▸ **Activity**
Every line from the one with "plane through (0, 0, 0)" to the one with "(11.25, 18.5, 0)", including those two, is to be copied exactly; all other lines of the entries below are left out.

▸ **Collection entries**
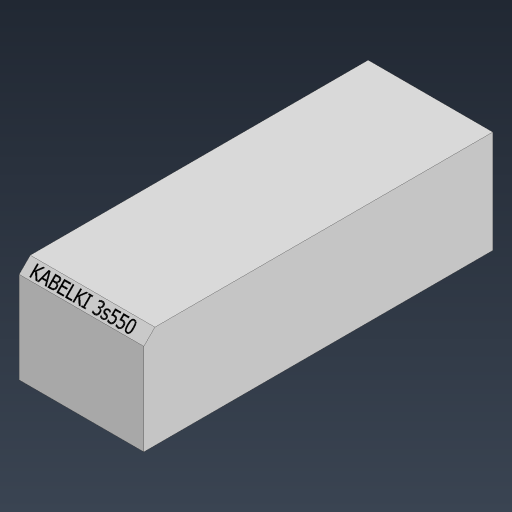
# Autodesk Inventor part: 2s450mah
Saved by Autodesk Inventor 2023 (Build 270158000, 158)
## iProperties
Created: 2026-03-09
Part Number: 2s450mah
Material: Generic
Document SubType Name: Modeling
Designer: szymo
Density: 1 g/cm^3
Appearance: Default
Author: szymo
Autodesk Inventor part; units mm, degrees
ref_plane "YZ Plane" through (0, 0, 0) normal (1, 0, 0) x (0, 1, 0)
ref_plane "XZ Plane" through (0, 0, 0) normal (0, 1, 0) x (-1, 0, 0)
ref_plane "XY Plane" through (0, 0, 0) normal (0, 0, 1) x (1, 0, 0)
sketch "Sketch1" plane through (0, 0, 0) normal (0, 1, 0) x (-1, 0, 0)
  line L0 (0, 0) -> (-22.5, 0)
  line L1 (-22.5, 0) -> (-22.5, -63)
  line L2 (-22.5, -63) -> (0, -63)
  line L3 (0, -63) -> (0, 0)
  dimension "d0" = 22.5
  dimension "d1" = 63
  constraints: 8 end point, 2 parallel, 1 horizontal, 1 perpendicular
  measures "d0" distance of L2.end L1.end
  measures "d1" distance of L0.end L1.end
extrude "Extrusion1" add sketch "Sketch1" along normal blind 18.5
chamfer "Chamfer1" distance 2 angle 45 1 edges at (11.25, 18.5, 0)
sketch "Sketch2" plane through (0, 18.5, -2) normal (0, 0.7071, 0.7071) x (1, 0, 0)
  line L0 (1.3725, -0.4182) -> (25.1586, -0.4182) construction
  line L1 (25.1586, -0.4182) -> (25.1586, -2.7468) construction
  line L2 (25.1586, -2.7468) -> (1.3725, -2.7468) construction
  line L3 (1.3725, -2.7468) -> (1.3725, -0.4182) construction
  line L4 (3.0338, -2.4603) -> (2.6886, -2.4603)
  line L5 (2.6886, -2.4603) -> (1.9576, -1.53)
  line L6 (1.9576, -1.53) -> (1.8409, -1.6613)
  line L7 (1.8409, -1.6613) -> (1.8409, -2.4603)
  line L8 (1.8409, -2.4603) -> (1.5751, -2.4603)
  line L9 (1.5751, -2.4603) -> (1.5751, -0.4603)
  line L10 (1.5751, -0.4603) -> (1.8409, -0.4603)
  line L11 (1.8409, -0.4603) -> (1.8409, -1.3793)
  line L12 (1.8409, -1.3793) -> (2.661, -0.4603)
  line L13 (2.661, -0.4603) -> (2.9851, -0.4603)
  line L14 (2.9851, -0.4603) -> (2.1569, -1.3534)
  line L15 (2.1569, -1.3534) -> (3.0338, -2.4603)
  line L16 (2.977, -2.4603) -> (3.6513, -0.4603)
  line L17 (3.6513, -0.4603) -> (3.9787, -0.4603)
  line L18 (3.9787, -0.4603) -> (4.6529, -2.4603)
  line L19 (4.6529, -2.4603) -> (4.3725, -2.4603)
  line L20 (4.3725, -2.4603) -> (4.191, -1.9012)
  line L21 (4.191, -1.9012) -> (3.4276, -1.9012)
  line L22 (3.4276, -1.9012) -> (3.2461, -2.4603)
  line L23 (3.2461, -2.4603) -> (2.977, -2.4603)
  line L24 (4.118, -1.6743) -> (3.8085, -0.7326)
  line L25 (3.8085, -0.7326) -> (3.5005, -1.6743)
  line L26 (3.5005, -1.6743) -> (4.118, -1.6743)
  spline S0 degree 2 poles (6.1991, -1.8461) (6.1991, -1.9952) (6.0856, -2.2237) (5.9916, -2.2983) knots 0 0 0 1 2 2 2
  spline S1 degree 2 poles (5.9916, -2.2983) (5.8782, -2.3858) (5.6205, -2.4603) (5.4163, -2.4603) knots 0 0 0 1 2 2 2
  line L27 (5.4163, -2.4603) -> (4.8425, -2.4603)
  line L28 (4.8425, -2.4603) -> (4.8425, -0.4603)
  line L29 (4.8425, -0.4603) -> (5.3725, -0.4603)
  spline S2 degree 2 poles (5.3725, -0.4603) (5.5864, -0.4603) (5.8004, -0.4879) (5.8976, -0.5414) knots 0 0 0 1 2 2 2
  spline S3 degree 2 poles (5.8976, -0.5414) (6.0062, -0.5981) (6.1051, -0.7845) (6.1051, -0.9109) knots 0 0 0 1 2 2 2
  spline S4 degree 2 poles (6.1051, -0.9109) (6.1051, -1.0519) (5.956, -1.2756) (5.8247, -1.3388) knots 0 0 0 1 2 2 2
  line L30 (5.8247, -1.3388) -> (5.8247, -1.3485)
  spline S5 degree 2 poles (5.8247, -1.3485) (6.003, -1.3971) (6.1991, -1.6548) (6.1991, -1.8461) knots 0 0 0 1 2 2 2
  spline S6 degree 2 poles (5.9219, -1.8574) (5.9219, -1.744) (5.8571, -1.5981) (5.7599, -1.5462) knots 0 0 0 1 2 2 2
  spline S7 degree 2 poles (5.7599, -1.5462) (5.6967, -1.5138) (5.5475, -1.4944) (5.4098, -1.4944) knots 0 0 0 1 2 2 2
  line L31 (5.4098, -1.4944) -> (5.1083, -1.4944)
  line L32 (5.1083, -1.4944) -> (5.1083, -2.2334)
  line L33 (5.1083, -2.2334) -> (5.3239, -2.2334)
  spline S8 degree 2 poles (5.3239, -2.2334) (5.4989, -2.2334) (5.6999, -2.201) (5.7777, -2.1491) knots 0 0 0 1 2 2 2
  spline S9 degree 2 poles (5.7777, -2.1491) (5.8522, -2.0957) (5.9219, -1.9628) (5.9219, -1.8574) knots 0 0 0 1 2 2 2
  spline S10 degree 2 poles (5.8279, -0.9482) (5.8279, -0.8769) (5.7793, -0.7699) (5.7258, -0.7391) knots 0 0 0 1 2 2 2
  spline S11 degree 2 poles (5.7258, -0.7391) (5.661, -0.7034) (5.5038, -0.6872) (5.3628, -0.6872) knots 0 0 0 1 2 2 2
  line L34 (5.3628, -0.6872) -> (5.1083, -0.6872)
  line L35 (5.1083, -0.6872) -> (5.1083, -1.2723)
  line L36 (5.1083, -1.2723) -> (5.4098, -1.2723)
  spline S12 degree 2 poles (5.4098, -1.2723) (5.5346, -1.2723) (5.6529, -1.2464) (5.7161, -1.2059) knots 0 0 0 1 2 2 2
  spline S13 degree 2 poles (5.7161, -1.2059) (5.7777, -1.167) (5.8279, -1.0422) (5.8279, -0.9482) knots 0 0 0 1 2 2 2
  line L37 (6.4633, -2.4603) -> (6.4633, -0.4603)
  line L38 (6.4633, -0.4603) -> (7.7145, -0.4603)
  line L39 (7.7145, -0.4603) -> (7.7145, -0.697)
  line L40 (7.7145, -0.697) -> (6.7291, -0.697)
  line L41 (6.7291, -0.697) -> (6.7291, -1.2448)
  line L42 (6.7291, -1.2448) -> (7.648, -1.2448)
  line L43 (7.648, -1.2448) -> (7.648, -1.4814)
  line L44 (7.648, -1.4814) -> (6.7291, -1.4814)
  line L45 (6.7291, -1.4814) -> (6.7291, -2.2237)
  line L46 (6.7291, -2.2237) -> (7.7145, -2.2237)
  line L47 (7.7145, -2.2237) -> (7.7145, -2.4603)
  line L48 (7.7145, -2.4603) -> (6.4633, -2.4603)
  line L49 (9.1651, -2.4603) -> (8.0062, -2.4603)
  line L50 (8.0062, -2.4603) -> (8.0062, -0.4603)
  line L51 (8.0062, -0.4603) -> (8.272, -0.4603)
  line L52 (8.272, -0.4603) -> (8.272, -2.2237)
  line L53 (8.272, -2.2237) -> (9.1651, -2.2237)
  line L54 (9.1651, -2.2237) -> (9.1651, -2.4603)
  line L55 (10.8328, -2.4603) -> (10.4876, -2.4603)
  line L56 (10.4876, -2.4603) -> (9.7566, -1.53)
  line L57 (9.7566, -1.53) -> (9.6399, -1.6613)
  line L58 (9.6399, -1.6613) -> (9.6399, -2.4603)
  line L59 (9.6399, -2.4603) -> (9.3741, -2.4603)
  line L60 (9.3741, -2.4603) -> (9.3741, -0.4603)
  line L61 (9.3741, -0.4603) -> (9.6399, -0.4603)
  line L62 (9.6399, -0.4603) -> (9.6399, -1.3793)
  line L63 (9.6399, -1.3793) -> (10.46, -0.4603)
  line L64 (10.46, -0.4603) -> (10.7842, -0.4603)
  line L65 (10.7842, -0.4603) -> (9.956, -1.3534)
  line L66 (9.956, -1.3534) -> (10.8328, -2.4603)
  line L67 (11.6886, -2.4603) -> (10.9138, -2.4603)
  line L68 (10.9138, -2.4603) -> (10.9138, -2.2561)
  line L69 (10.9138, -2.2561) -> (11.1683, -2.2561)
  line L70 (11.1683, -2.2561) -> (11.1683, -0.6645)
  line L71 (11.1683, -0.6645) -> (10.9138, -0.6645)
  line L72 (10.9138, -0.6645) -> (10.9138, -0.4603)
  line L73 (10.9138, -0.4603) -> (11.6886, -0.4603)
  line L74 (11.6886, -0.4603) -> (11.6886, -0.6645)
  line L75 (11.6886, -0.6645) -> (11.4341, -0.6645)
  line L76 (11.4341, -0.6645) -> (11.4341, -2.2561)
  line L77 (11.4341, -2.2561) -> (11.6886, -2.2561)
  line L78 (11.6886, -2.2561) -> (11.6886, -2.4603)
  spline S14 degree 2 poles (13.3595, -0.65) (13.2866, -0.65) (13.1424, -0.6856) (13.0727, -0.7132) knots 0 0 0 1 2 2 2
  spline S15 degree 2 poles (13.0727, -0.7132) (13.0078, -0.7407) (12.9122, -0.7991) (12.8749, -0.825) knots 0 0 0 1 2 2 2
  line L79 (12.8749, -0.825) -> (12.8587, -0.825)
  line L80 (12.8587, -0.825) -> (12.8587, -0.5414)
  spline S16 degree 2 poles (12.8587, -0.5414) (12.9463, -0.4944) (13.2461, -0.4182) (13.3806, -0.4182) knots 0 0 0 1 2 2 2
  spline S17 degree 2 poles (13.3806, -0.4182) (13.5168, -0.4182) (13.7193, -0.4733) (13.802, -0.5316) knots 0 0 0 1 2 2 2
  spline S18 degree 2 poles (13.802, -0.5316) (13.8895, -0.5948) (13.9803, -0.778) (13.9803, -0.9012) knots 0 0 0 1 2 2 2
  spline S19 degree 2 poles (13.9803, -0.9012) (13.9803, -1.0665) (13.7631, -1.3161) (13.6108, -1.3485) knots 0 0 0 1 2 2 2
  line L81 (13.6108, -1.3485) -> (13.6108, -1.3679)
  spline S20 degree 2 poles (13.6108, -1.3679) (13.674, -1.3809) (13.8182, -1.4393) (13.8798, -1.4976) knots 0 0 0 1 2 2 2
  spline S21 degree 2 poles (13.8798, -1.4976) (13.9414, -1.5543) (14.0192, -1.7359) (14.0192, -1.8671) knots 0 0 0 1 2 2 2
  spline S22 degree 2 poles (14.0192, -1.8671) (14.0192, -2.0017) (13.9268, -2.2302) (13.8425, -2.3177) knots 0 0 0 1 2 2 2
  spline S23 degree 2 poles (13.8425, -2.3177) (13.755, -2.4085) (13.507, -2.5025) (13.3498, -2.5025) knots 0 0 0 1 2 2 2
  spline S24 degree 2 poles (13.3498, -2.5025) (13.1991, -2.5025) (12.9041, -2.4295) (12.8036, -2.3793) knots 0 0 0 1 2 2 2
  line L82 (12.8036, -2.3793) -> (12.8036, -2.0957)
  line L83 (12.8036, -2.0957) -> (12.8231, -2.0957)
  spline S25 degree 2 poles (12.8231, -2.0957) (12.9074, -2.1572) (13.1926, -2.2707) (13.3336, -2.2707) knots 0 0 0 1 2 2 2
  spline S26 degree 2 poles (13.3336, -2.2707) (13.4163, -2.2707) (13.5816, -2.2188) (13.6367, -2.1589) knots 0 0 0 1 2 2 2
  spline S27 degree 2 poles (13.6367, -2.1589) (13.6902, -2.0989) (13.7469, -1.9563) (13.7469, -1.8477) knots 0 0 0 1 2 2 2
  spline S28 degree 2 poles (13.7469, -1.8477) (13.7469, -1.7391) (13.6837, -1.5981) (13.627, -1.5576) knots 0 0 0 1 2 2 2
  spline S29 degree 2 poles (13.627, -1.5576) (13.5702, -1.5171) (13.4163, -1.4863) (13.3255, -1.4863) knots 0 0 0 1 2 2 2
  line L84 (13.3255, -1.4863) -> (13.2121, -1.4863)
  line L85 (13.2121, -1.4863) -> (13.2121, -1.2642)
  line L86 (13.2121, -1.2642) -> (13.3012, -1.2642)
  spline S30 degree 2 poles (13.3012, -1.2642) (13.4811, -1.2642) (13.708, -1.0924) (13.708, -0.9287) knots 0 0 0 1 2 2 2
  spline S31 degree 2 poles (13.708, -0.9287) (13.708, -0.8525) (13.6497, -0.744) (13.6027, -0.7115) knots 0 0 0 1 2 2 2
  spline S32 degree 2 poles (13.6027, -0.7115) (13.5524, -0.6775) (13.4292, -0.65) (13.3595, -0.65) knots 0 0 0 1 2 2 2
  spline S33 degree 2 poles (14.7631, -2.496) (14.6124, -2.496) (14.3514, -2.4149) (14.2655, -2.3696) knots 0 0 0 1 2 2 2
  line L87 (14.2655, -2.3696) -> (14.2655, -2.0859)
  line L88 (14.2655, -2.0859) -> (14.2785, -2.0859)
  spline S34 degree 2 poles (14.2785, -2.0859) (14.3109, -2.1119) (14.3984, -2.1735) (14.4714, -2.2075) knots 0 0 0 1 2 2 2
  spline S35 degree 2 poles (14.4714, -2.2075) (14.5346, -2.2383) (14.6902, -2.2837) (14.7728, -2.2837) knots 0 0 0 1 2 2 2
  spline S36 degree 2 poles (14.7728, -2.2837) (14.8328, -2.2837) (14.9706, -2.2561) (15.003, -2.2334) knots 0 0 0 1 2 2 2
  spline S37 degree 2 poles (15.003, -2.2334) (15.05, -2.2026) (15.0921, -2.1329) (15.0921, -2.0616) knots 0 0 0 1 2 2 2
  spline S38 degree 2 poles (15.0921, -2.0616) (15.0921, -1.9725) (14.9949, -1.8801) (14.8701, -1.8493) knots 0 0 0 1 2 2 2
  spline S39 degree 2 poles (14.8701, -1.8493) (14.8215, -1.838) (14.6659, -1.8055) (14.5994, -1.7877) knots 0 0 0 1 2 2 2
  spline S40 degree 2 poles (14.5994, -1.7877) (14.4276, -1.7375) (14.272, -1.53) (14.272, -1.3825) knots 0 0 0 1 2 2 2
  spline S41 degree 2 poles (14.272, -1.3825) (14.272, -1.1783) (14.5783, -0.9239) (14.8312, -0.9239) knots 0 0 0 1 2 2 2
  spline S42 degree 2 poles (14.8312, -0.9239) (14.956, -0.9239) (15.2088, -0.9854) (15.2947, -1.0325) knots 0 0 0 1 2 2 2
  line L89 (15.2947, -1.0325) -> (15.2947, -1.3031)
  line L90 (15.2947, -1.3031) -> (15.2817, -1.3031)
  spline S43 degree 2 poles (15.2817, -1.3031) (15.1845, -1.2253) (14.9479, -1.1362) (14.8263, -1.1362) knots 0 0 0 1 2 2 2
  spline S44 degree 2 poles (14.8263, -1.1362) (14.7015, -1.1362) (14.5297, -1.2415) (14.5297, -1.3469) knots 0 0 0 1 2 2 2
  spline S45 degree 2 poles (14.5297, -1.3469) (14.5297, -1.4425) (14.6318, -1.5349) (14.7453, -1.5641) knots 0 0 0 1 2 2 2
  spline S46 degree 2 poles (14.7453, -1.5641) (14.8004, -1.5786) (14.9398, -1.6078) (15.0159, -1.6256) knots 0 0 0 1 2 2 2
  spline S47 degree 2 poles (15.0159, -1.6256) (15.1813, -1.6678) (15.3498, -1.8607) (15.3498, -2.0276) knots 0 0 0 1 2 2 2
  spline S48 degree 2 poles (15.3498, -2.0276) (15.3498, -2.1248) (15.2736, -2.2966) (15.1991, -2.3598) knots 0 0 0 1 2 2 2
  spline S49 degree 2 poles (15.1991, -2.3598) (15.1197, -2.4263) (14.9171, -2.496) (14.7631, -2.496) knots 0 0 0 1 2 2 2
  spline S50 degree 2 poles (16.7599, -1.825) (16.7599, -1.9692) (16.6675, -2.2156) (16.5832, -2.3064) knots 0 0 0 1 2 2 2
  spline S51 degree 2 poles (16.5832, -2.3064) (16.4989, -2.3971) (16.2477, -2.5025) (16.0921, -2.5025) knots 0 0 0 1 2 2 2
  spline S52 degree 2 poles (16.0921, -2.5025) (15.9495, -2.5025) (15.6707, -2.4393) (15.5686, -2.389) knots 0 0 0 1 2 2 2
  line L91 (15.5686, -2.389) -> (15.5686, -2.1054)
  line L92 (15.5686, -2.1054) -> (15.5881, -2.1054)
  spline S53 degree 2 poles (15.5881, -2.1054) (15.6189, -2.1281) (15.7339, -2.1864) (15.8036, -2.2124) knots 0 0 0 1 2 2 2
  spline S54 degree 2 poles (15.8036, -2.2124) (15.883, -2.2399) (16.0143, -2.2707) (16.097, -2.2707) knots 0 0 0 1 2 2 2
  spline S55 degree 2 poles (16.097, -2.2707) (16.178, -2.2707) (16.3304, -2.2124) (16.3855, -2.1491) knots 0 0 0 1 2 2 2
  spline S56 degree 2 poles (16.3855, -2.1491) (16.4357, -2.0892) (16.4876, -1.9303) (16.4876, -1.8234) knots 0 0 0 1 2 2 2
  spline S57 degree 2 poles (16.4876, -1.8234) (16.4876, -1.7164) (16.4292, -1.5803) (16.3741, -1.5349) knots 0 0 0 1 2 2 2
  spline S58 degree 2 poles (16.3741, -1.5349) (16.3174, -1.4846) (16.1488, -1.4425) (16.0467, -1.4425) knots 0 0 0 1 2 2 2
  spline S59 degree 2 poles (16.0467, -1.4425) (15.9365, -1.4425) (15.7177, -1.4765) (15.6513, -1.4911) knots 0 0 0 1 2 2 2
  line L93 (15.6513, -1.4911) -> (15.6513, -0.4603)
  line L94 (15.6513, -0.4603) -> (16.7485, -0.4603)
  line L95 (16.7485, -0.4603) -> (16.7485, -0.6953)
  line L96 (16.7485, -0.6953) -> (15.909, -0.6953)
  line L97 (15.909, -0.6953) -> (15.909, -1.2286)
  spline S60 degree 2 poles (15.909, -1.2286) (15.9576, -1.2221) (16.0516, -1.2172) (16.0905, -1.2172) knots 0 0 0 1 2 2 2
  spline S61 degree 2 poles (16.0905, -1.2172) (16.2445, -1.2172) (16.4568, -1.2675) (16.554, -1.342) knots 0 0 0 1 2 2 2
  spline S62 degree 2 poles (16.554, -1.342) (16.6529, -1.4166) (16.7599, -1.6435) (16.7599, -1.825) knots 0 0 0 1 2 2 2
  spline S63 degree 2 poles (18.2607, -1.825) (18.2607, -1.9692) (18.1683, -2.2156) (18.084, -2.3064) knots 0 0 0 1 2 2 2
  spline S64 degree 2 poles (18.084, -2.3064) (17.9997, -2.3971) (17.7485, -2.5025) (17.5929, -2.5025) knots 0 0 0 1 2 2 2
  spline S65 degree 2 poles (17.5929, -2.5025) (17.4503, -2.5025) (17.1715, -2.4393) (17.0694, -2.389) knots 0 0 0 1 2 2 2
  line L98 (17.0694, -2.389) -> (17.0694, -2.1054)
  line L99 (17.0694, -2.1054) -> (17.0889, -2.1054)
  spline S66 degree 2 poles (17.0889, -2.1054) (17.1197, -2.1281) (17.2347, -2.1864) (17.3044, -2.2124) knots 0 0 0 1 2 2 2
  spline S67 degree 2 poles (17.3044, -2.2124) (17.3839, -2.2399) (17.5151, -2.2707) (17.5978, -2.2707) knots 0 0 0 1 2 2 2
  spline S68 degree 2 poles (17.5978, -2.2707) (17.6788, -2.2707) (17.8312, -2.2124) (17.8863, -2.1491) knots 0 0 0 1 2 2 2
  spline S69 degree 2 poles (17.8863, -2.1491) (17.9365, -2.0892) (17.9884, -1.9303) (17.9884, -1.8234) knots 0 0 0 1 2 2 2
  spline S70 degree 2 poles (17.9884, -1.8234) (17.9884, -1.7164) (17.93, -1.5803) (17.8749, -1.5349) knots 0 0 0 1 2 2 2
  spline S71 degree 2 poles (17.8749, -1.5349) (17.8182, -1.4846) (17.6497, -1.4425) (17.5475, -1.4425) knots 0 0 0 1 2 2 2
  spline S72 degree 2 poles (17.5475, -1.4425) (17.4373, -1.4425) (17.2185, -1.4765) (17.1521, -1.4911) knots 0 0 0 1 2 2 2
  line L100 (17.1521, -1.4911) -> (17.1521, -0.4603)
  line L101 (17.1521, -0.4603) -> (18.2493, -0.4603)
  line L102 (18.2493, -0.4603) -> (18.2493, -0.6953)
  line L103 (18.2493, -0.6953) -> (17.4098, -0.6953)
  line L104 (17.4098, -0.6953) -> (17.4098, -1.2286)
  spline S73 degree 2 poles (17.4098, -1.2286) (17.4584, -1.2221) (17.5524, -1.2172) (17.5913, -1.2172) knots 0 0 0 1 2 2 2
  spline S74 degree 2 poles (17.5913, -1.2172) (17.7453, -1.2172) (17.9576, -1.2675) (18.0548, -1.342) knots 0 0 0 1 2 2 2
  spline S75 degree 2 poles (18.0548, -1.342) (18.1537, -1.4166) (18.2607, -1.6435) (18.2607, -1.825) knots 0 0 0 1 2 2 2
  spline S76 degree 2 poles (19.7939, -1.4603) (19.7939, -1.9984) (19.4811, -2.5025) (19.1553, -2.5025) knots 0 0 0 1 2 2 2
  spline S77 degree 2 poles (19.1553, -2.5025) (18.8247, -2.5025) (18.5151, -1.9887) (18.5151, -1.4619) knots 0 0 0 1 2 2 2
  spline S78 degree 2 poles (18.5151, -1.4619) (18.5151, -0.9206) (18.8279, -0.4198) (19.1553, -0.4198) knots 0 0 0 1 2 2 2
  spline S79 degree 2 poles (19.1553, -0.4198) (19.4843, -0.4198) (19.7939, -0.9384) (19.7939, -1.4603) knots 0 0 0 1 2 2 2
  spline S80 degree 2 poles (19.4503, -2.0697) (19.4892, -1.9709) (19.5216, -1.6662) (19.5216, -1.4603) knots 0 0 0 1 2 2 2
  spline S81 degree 2 poles (19.5216, -1.4603) (19.5216, -1.2545) (19.4892, -0.9514) (19.4487, -0.8493) knots 0 0 0 1 2 2 2
  spline S82 degree 2 poles (19.4487, -0.8493) (19.4082, -0.7472) (19.2672, -0.6419) (19.1553, -0.6419) knots 0 0 0 1 2 2 2
  spline S83 degree 2 poles (19.1553, -0.6419) (19.0435, -0.6419) (18.8992, -0.7472) (18.8571, -0.8525) knots 0 0 0 1 2 2 2
  spline S84 degree 2 poles (18.8571, -0.8525) (18.8166, -0.9547) (18.7874, -1.2658) (18.7874, -1.4619) knots 0 0 0 1 2 2 2
  spline S85 degree 2 poles (18.7874, -1.4619) (18.7874, -1.6726) (18.8133, -1.9547) (18.8555, -2.0649) knots 0 0 0 1 2 2 2
  spline S86 degree 2 poles (18.8555, -2.0649) (18.8944, -2.1686) (19.0386, -2.2804) (19.1553, -2.2804) knots 0 0 0 1 2 2 2
  spline S87 degree 2 poles (19.1553, -2.2804) (19.2655, -2.2804) (19.4098, -2.1751) (19.4503, -2.0697) knots 0 0 0 1 2 2 2
  point P0 (0, -14.4957)
  constraints: 2 other
extrude "Extrusion2" cut sketch "Sketch2" against normal blind 1
body "Solid1"

▸ **Your response**
sketch "Sketch1" plane through (0, 0, 0) normal (0, 1, 0) x (-1, 0, 0)
  line L0 (0, 0) -> (-22.5, 0)
  line L1 (-22.5, 0) -> (-22.5, -63)
  line L2 (-22.5, -63) -> (0, -63)
  line L3 (0, -63) -> (0, 0)
  dimension "d0" = 22.5
  dimension "d1" = 63
  constraints: 8 end point, 2 parallel, 1 horizontal, 1 perpendicular
  measures "d0" distance of L2.end L1.end
  measures "d1" distance of L0.end L1.end
extrude "Extrusion1" add sketch "Sketch1" along normal blind 18.5
chamfer "Chamfer1" distance 2 angle 45 1 edges at (11.25, 18.5, 0)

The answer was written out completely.